Russians have launched cyber attacks against Ukraine, incapacitating electricity grids, subway systems and airports. They also hacked the Democratic National Committee during the 2016 US presidential election campaign and released stolen emails to WikiLeaks.

Chinese hackers have cracked open the US Office of Personnel Management accessing nearly 22m files. According to experts quoted in the film, they have also been attempting to hack into Covid-19 vaccine programmes and have been deliberately feeding an “infodemic” of disinformation about the pandemic in the US.

Given all this, it is little wonder that US defence officials have for years been warning about the dangers of a “cyber Pearl Harbor” that could take down critical infrastructure, even as they contemplate unleashing devastating cyber attacks of their own.

But it is not just state-on-state cyber conflict that is alarming. We should also worry about the internet’s systemic instability, given its governance is unnervingly flimsy. Ingenious, short-term patches have stayed in place a remarkably long time while long-term fixes have never materialised.

Satya Nadella, Microsoft’s chief executive, argues that societal trust in technology has been degrading because of growing concerns about cyber security, privacy, internet safety and the ethical use of artificial intelligence. “Given the inevitability of tech playing a much more central role, we need to build more trust,” he said this week.

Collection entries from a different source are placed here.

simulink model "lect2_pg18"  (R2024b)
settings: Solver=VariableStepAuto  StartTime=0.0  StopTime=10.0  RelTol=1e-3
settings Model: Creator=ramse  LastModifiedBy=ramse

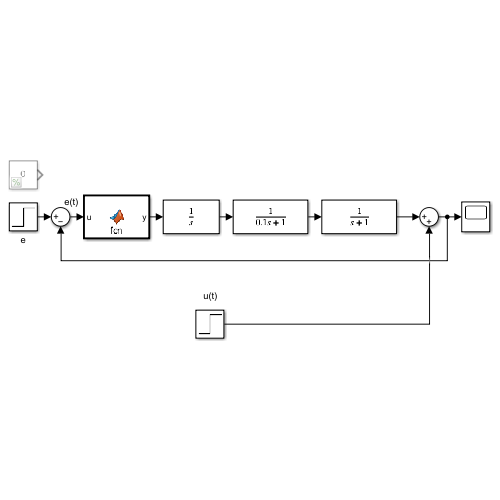
[thumbnail: Simulink's stored preview of the top-level diagram]
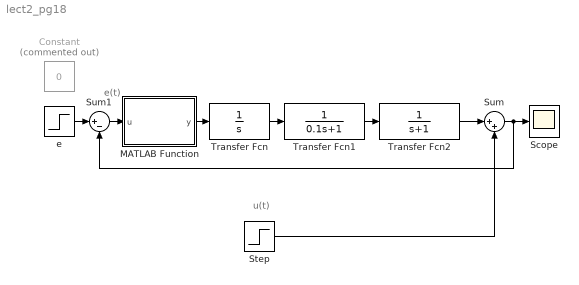
== system lect2_pg18 ==
  note: e(t)
  note: u(t)
  Constant : Constant  Commented=on  Value=0
  MATLAB Function : MATLAB Function  TreatAsAtomicUnit=on
  Scope : Scope
  Step : Step  SampleTime=0
  Sum : Sum  Inputs=|++
  Sum1 : Sum  Inputs=|+-
  Transfer Fcn : TransferFcn  Denominator=[1 0]
  Transfer Fcn1 : TransferFcn  Denominator=[0.1, 1]
  Transfer Fcn2 : TransferFcn  Denominator=[1, 1]
  e : Step  SampleTime=0
  wires:
  Transfer Fcn/1 -> Transfer Fcn1/1
  Transfer Fcn1/1 -> Transfer Fcn2/1
  MATLAB Function/1(y) -> Transfer Fcn/1
  Transfer Fcn2/1 -> Sum/1
  Sum/1 -> Sum1/2, Scope/1
  e/1 -> Sum1/1
  Sum1/1 -> MATLAB Function/1(u)
  Step/1 -> Sum/2

== matlab function lect2_pg18/MATLAB Function ==
  data: u input; y output
function y = fcn(u)
k=1;
a=1;

if u>a
    y=k*a;
elseif (-a<u)&&(u<a)
    y=k*u;
else
    y=k*a;
end

Corporate engineering teams should take more responsibility for developing systems to ensure security and reinforce trust, Mr Nadella said. But we also need new regulations and institutions.

Our governance structures remain stuck in the analogue age. We either need to reimagine their scope or invent new ones. We could start with a World Data Organisation to agree protections for personal data and secure international data flows. The digital equivalent of a US Food and Drug Administration might be charged with preapproving algorithms used in sensitive areas, such as healthcare and the judicial system. And a Digital Geneva Convention could establish the limits of cyber war. 

William Gibson, the science-fiction writer who coined the term cyber space, told me earlier this year that we may be the last generation to draw any distinction between our offline and online worlds. He is doubtless right. It is time we governed our physical and virtual worlds as one.